Relationships, commitment to professionalism and a heart for service could speak to why Curry has been a staple of this region.

Privately owned, family held, Curry can take the long view. The company can sacrifice the near-term dollar for the long-term gain not only of business but the deep satisfaction of doing things right, doing them very well and for the best of reasons – because that is what the customer, the employee and the community needs.

Curry has been around a long time and will continue to be long into the future. Its people and properties are spread so thoroughly throughout the greater Kansas City metropolitan area – they are literally your neighbors and it’s very satisfying to be a good one. Relationships over generations have long memories. Curry works to have those be good ones, too.

The company strives to be among the very best in its profession. Curry is one of the few Midwest real estate management companies to achieve Accredited Management Organization (AMO) status by the Institute of Real Estate Management (IREM) – a standard for excellence in the real estate industry.

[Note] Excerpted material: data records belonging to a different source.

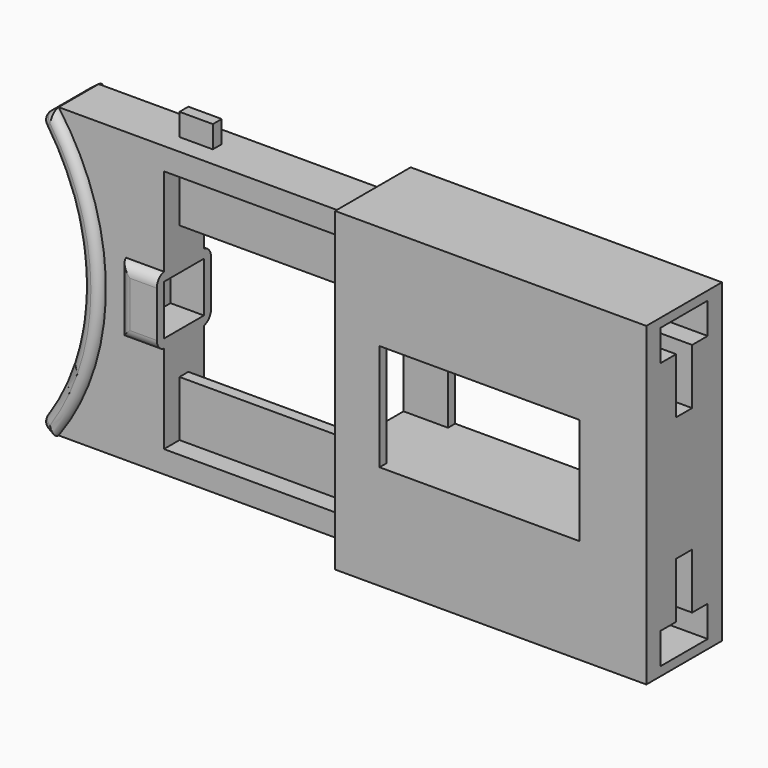
from build123d import *

# Parameters (mm, degrees)
F1_DEPTH    = 2.25
F2_W        = 6.1
F2_H        = 6.1
F2_W_2      = 4.5
F2_H_2      = 4.5
F3_DEPTH    = 3.4
F5_DEPTH    = 3
F6_R        = 0.74999
F7_T1_DEPTH = 10.9989794856
F7_T3_DEPTH = 5.8494897428
F9_DEPTH    = 17
F10_W       = 3
F10_H       = 1
F11_DEPTH   = 2
F12_W       = 8.5
F12_H       = 28.4
F12_W_2     = 6.9
F12_H_2     = 9.6
F13_DEPTH   = 28
F15_W       = 22
F15_H       = 9.6
F16_DEPTH   = 15.5
F17_DEPTH   = 6
F19_DEPTH   = 5


# Not quite as in the source:
# - a fillet or chamfer that OpenCascade refuses, or shapes differently, is made with other operations: its cross-section is extruded or revolved along the edge and cut away or added
# - a fillet or chamfer is up to 0.001 mm smaller than in the source, because OpenCascade refuses the exact size


with BuildPart() as f1:
    # F0 (on Front) → F1 (new body, symmetric)
    with BuildSketch(Plane.XZ):
        with BuildLine():
            Line((-9.5380139407, -2.7482741908), (-9.5380139407, 1.7517258092))
            Line((-9.5380139407, 1.7517258092), (-6.5380139407, 1.7517258092))
            Line((-6.5380139407, 1.7517258092), (-6.5380139407, 4.7517258092))
            Line((-6.5380139407, 4.7517258092), (10.4619860593, 4.7517258092))
            Line((10.4619860593, 4.7517258092), (10.4619860593, 12.5017258092))
            Line((10.4619860593, 12.5017258092), (-16.0051570773, 12.5017258092))
            ThreePointArc((-16.0051570773, 12.5017258092), (-11.7548404249, -0.4982741908), (-16.0051570773, -13.4982741908))
            Line((-16.0051570773, -13.4982741908), (10.4619860593, -13.4982741908))
            Line((10.4619860593, -13.4982741908), (10.4619860593, -5.7482741908))
            Line((10.4619860593, -5.7482741908), (-6.5380139407, -5.7482741908))
            Line((-6.5380139407, -5.7482741908), (-6.5380139407, -2.7482741908))
            Line((-6.5380139407, -2.7482741908), (-9.5380139407, -2.7482741908))
        make_face()
    extrude(amount=F1_DEPTH, both=True)

    # F2 (on face) → F3 (join)
    with BuildSketch(Plane.YZ.offset(-6.5380139407)):
        with Locations((0, -0.4982741908)):
            Rectangle(F2_W, F2_H)
        with Locations((0, -0.4982741908)):
            Rectangle(F2_W_2, F2_H_2, mode=Mode.SUBTRACT)
    extrude(amount=-F3_DEPTH)

    # F4 (on Front) → F5 (join, symmetric)
    with BuildSketch(Plane.XZ):
        with BuildLine():
            ThreePointArc((-16.0051570773, -13.4982741908), (-11.7548404249, -0.4982741908), (-16.0051570773, 12.5017258092))
            Line((-16.0051570773, 12.5017258092), (-17.2154421685, 11.6156050511))
            ThreePointArc((-17.2154421685, 11.6156050511), (-13.2548404249, -0.4982741908), (-17.2154421685, -12.6121534326))
            Line((-17.2154421685, -12.6121534326), (-16.0051570773, -13.4982741908))
        make_face()
    extrude(amount=F5_DEPTH, both=True)

    # F6 (radius 0.75 in the source; OpenCascade refuses exactly that, so slightly less here)
    f6_edges = [f1.edges().sort_by_distance(p)[0] for p in [
        (-16.6103, -3, 12.058665),
        (-13.25484, -3, -0.498274),
        (-16.6103, -3, -13.055214),
        (-11.75484, -3, -0.498274),
        (-16.6103, 3, 12.058665),
        (-13.25484, 3, -0.498274),
        (-16.6103, 3, -13.055214),
        (-11.75484, 3, -0.498274),
        (-17.215442, 0, -12.612153),
        (-17.215442, 0, 11.615605),
    ]]
    fillet(f6_edges, radius=F6_R)

    # F7: fillet of radius 1 on 6 edges, made by hand

    # F7_s2 → F7_t1 (cut)
    with BuildSketch(Plane.XY.offset(-5.9977639336)):
        with BuildLine():
            ThreePointArc((-9.9380139407, -2.25), (-9.5906735756, -2.8245966692), (-8.9582180436, -3.05))
            Line((-8.9582180436, -3.05), (-9.9380139407, -3.05))
            Line((-9.9380139407, -3.05), (-9.9380139407, -2.25))
        make_face()
        with BuildLine():
            ThreePointArc((-9.9380139407, 2.25), (-9.5906735756, 2.8245966692), (-8.9582180436, 3.05))
            Line((-8.9582180436, 3.05), (-9.9380139407, 3.05))
            Line((-9.9380139407, 3.05), (-9.9380139407, 2.25))
        make_face()
    extrude(amount=F7_T1_DEPTH, mode=Mode.SUBTRACT)

    # F7_s4 → F7_t3 (cut)
    with BuildSketch(Plane.YZ.offset(-9.9380139407)):
        with BuildLine():
            ThreePointArc((-2.25, -3.5482741908), (-2.8245966692, -3.2009338257), (-3.05, -2.5684782937))
            Line((-3.05, -2.5684782937), (-3.05, -3.5482741908))
            Line((-3.05, -3.5482741908), (-2.25, -3.5482741908))
        make_face()
        with BuildLine():
            ThreePointArc((-2.25, 2.5517258092), (-2.8245966692, 2.2043854441), (-3.05, 1.5719299121))
            Line((-3.05, 1.5719299121), (-3.05, 2.5517258092))
            Line((-3.05, 2.5517258092), (-2.25, 2.5517258092))
        make_face()
        with BuildLine():
            ThreePointArc((2.25, 2.5517258092), (2.8245966692, 2.2043854441), (3.05, 1.5719299121))
            Line((3.05, 1.5719299121), (3.05, 2.5517258092))
            Line((3.05, 2.5517258092), (2.25, 2.5517258092))
        make_face()
        with BuildLine():
            ThreePointArc((2.25, -3.5482741908), (2.8245966692, -3.2009338257), (3.05, -2.5684782937))
            Line((3.05, -2.5684782937), (3.05, -3.5482741908))
            Line((3.05, -3.5482741908), (2.25, -3.5482741908))
        make_face()
    extrude(amount=F7_T3_DEPTH, mode=Mode.SUBTRACT)

    # F8 (on face) → F9 (cut, through all)
    with BuildSketch(Plane.YZ.offset(10.4619860593)):
        Polygon((-2.25, 10.5017258092), (-2.25, 4.7517258092), (2.25, 4.7517258092), (2.25, 10.5017258092), (0.5, 10.5017258092), (0.5, 5.5017258092), (-0.5, 5.5017258092), (-0.5, 10.5017258092), align=None)
        Polygon((2.25, -11.4982741908), (2.25, -5.7482741908), (-2.25, -5.7482741908), (-2.25, -11.4982741908), (-0.5, -11.4982741908), (-0.5, -6.4982741908), (0.5, -6.4982741908), (0.5, -11.4982741908), align=None)
    extrude(amount=-F9_DEPTH, mode=Mode.SUBTRACT)

    # F10 (on face) → F11 (join)
    with BuildSketch(Plane.XY.offset(12.5017258092)):
        with Locations((-5.0380139407, 0)):
            Rectangle(F10_W, F10_H)
    extrude(amount=F11_DEPTH)


with BuildPart() as f13:
    # F12 (on face) → F13 (new body)
    with BuildSketch(Plane.YZ.offset(10.4619860593)):
        with Locations((0, -0.4982741908)):
            Rectangle(F12_W, F12_H)
        Polygon((-0.9, -6.0982741908), (0.9, -6.0982741908), (0.9, -11.0982741908), (2.65, -11.0982741908), (2.65, -13.8982741908), (-2.65, -13.8982741908), (-2.65, -11.0982741908), (-0.9, -11.0982741908), align=None, mode=Mode.SUBTRACT)
        with Locations((0, -0.4982741908)):
            Rectangle(F12_W_2, F12_H_2, mode=Mode.SUBTRACT)
        Polygon((0.9, 10.1017258092), (0.9, 5.1017258092), (-0.9, 5.1017258092), (-0.9, 10.1017258092), (-2.65, 10.1017258092), (-2.65, 12.9017258092), (2.65, 12.9017258092), (2.65, 10.1017258092), align=None, mode=Mode.SUBTRACT)
    extrude(amount=F13_DEPTH)

    # F15 (on face) → F16 (cut)
    with BuildSketch(Plane(origin=(0, 4.25, 0), x_dir=(-1, 0, 0), z_dir=(0, 1, 0))):
        with Locations((-25.4619860593, -0.4982741908)):
            Rectangle(F15_W, F15_H)
    extrude(amount=-F16_DEPTH, mode=Mode.SUBTRACT)

    # F14 (on face) → F17 (join)
    with BuildSketch(Plane.YZ.offset(38.4619860593)):
        Polygon((3.45, 4.3017258092), (-3.45, 4.3017258092), (-4.25, 4.3017258092), (-4.25, -5.2982741908), (-3.45, -5.2982741908), (3.45, -5.2982741908), (4.25, -5.2982741908), (4.25, 4.3017258092), align=None)
    extrude(amount=-F17_DEPTH)

    # F18 (on face) → F19 (cut)
    with BuildSketch(Plane(origin=(32.4619860593, 0, 0), x_dir=(0, -1, 0), z_dir=(-1, 0, 0))):
        with BuildLine():
            ThreePointArc((-3.0923292192, -1), (0.5061768651, -3.2103403217), (3.25, 0))
            ThreePointArc((3.25, 0), (0.5061768651, 3.2103403217), (-3.0923292192, 1))
            ThreePointArc((-3.0923292192, 1), (-3.25, 0), (-3.0923292192, -1))
        make_face()
        with BuildLine():
            ThreePointArc((-3.0923292192, -1), (-3.25, 0), (-3.0923292192, 1))
            Line((-3.0923292192, 1), (-4.25, 1))
            Line((-4.25, 1), (-4.25, -1))
            Line((-4.25, -1), (-3.0923292192, -1))
        make_face()
    extrude(amount=-F19_DEPTH, mode=Mode.SUBTRACT)


solid = Compound([f1.part, f13.part])

In addition, Curry invests in its team’s professional development to advance their skill levels as well as their involvement with an expectation that they will contribute to if not lead its professional associations. Seven members of the staff have served as president of IREM’s national or Kansas City chapter, starting with Charles F. Curry and ending, most recently with Matt Pepper whose term completed in 2022.

Curry staff overflow with professional designations, certifications and licenses though absent a heart for service rooted in core values, they would mean little. Curry’s core values – commitment to its employees, customers and communities, to creating value and maintaining the highest standards, to sustainability, quality of life and the future – are the underpinning of the company culture and the basis for all policies, actions and business practices.

In running the business, wide berth is given to service, the initiative to take care of something or someone, to do what it takes and take care in the doing. These stories of service initiative are heard in passing. It’s not part of the business plan included in the quarterly updates. The story fragment is heard, someone telling another, “I thought I could help, so I did.”

Curry thinks it can help, so it does. Turns out that is a valuable contribution to any business plan.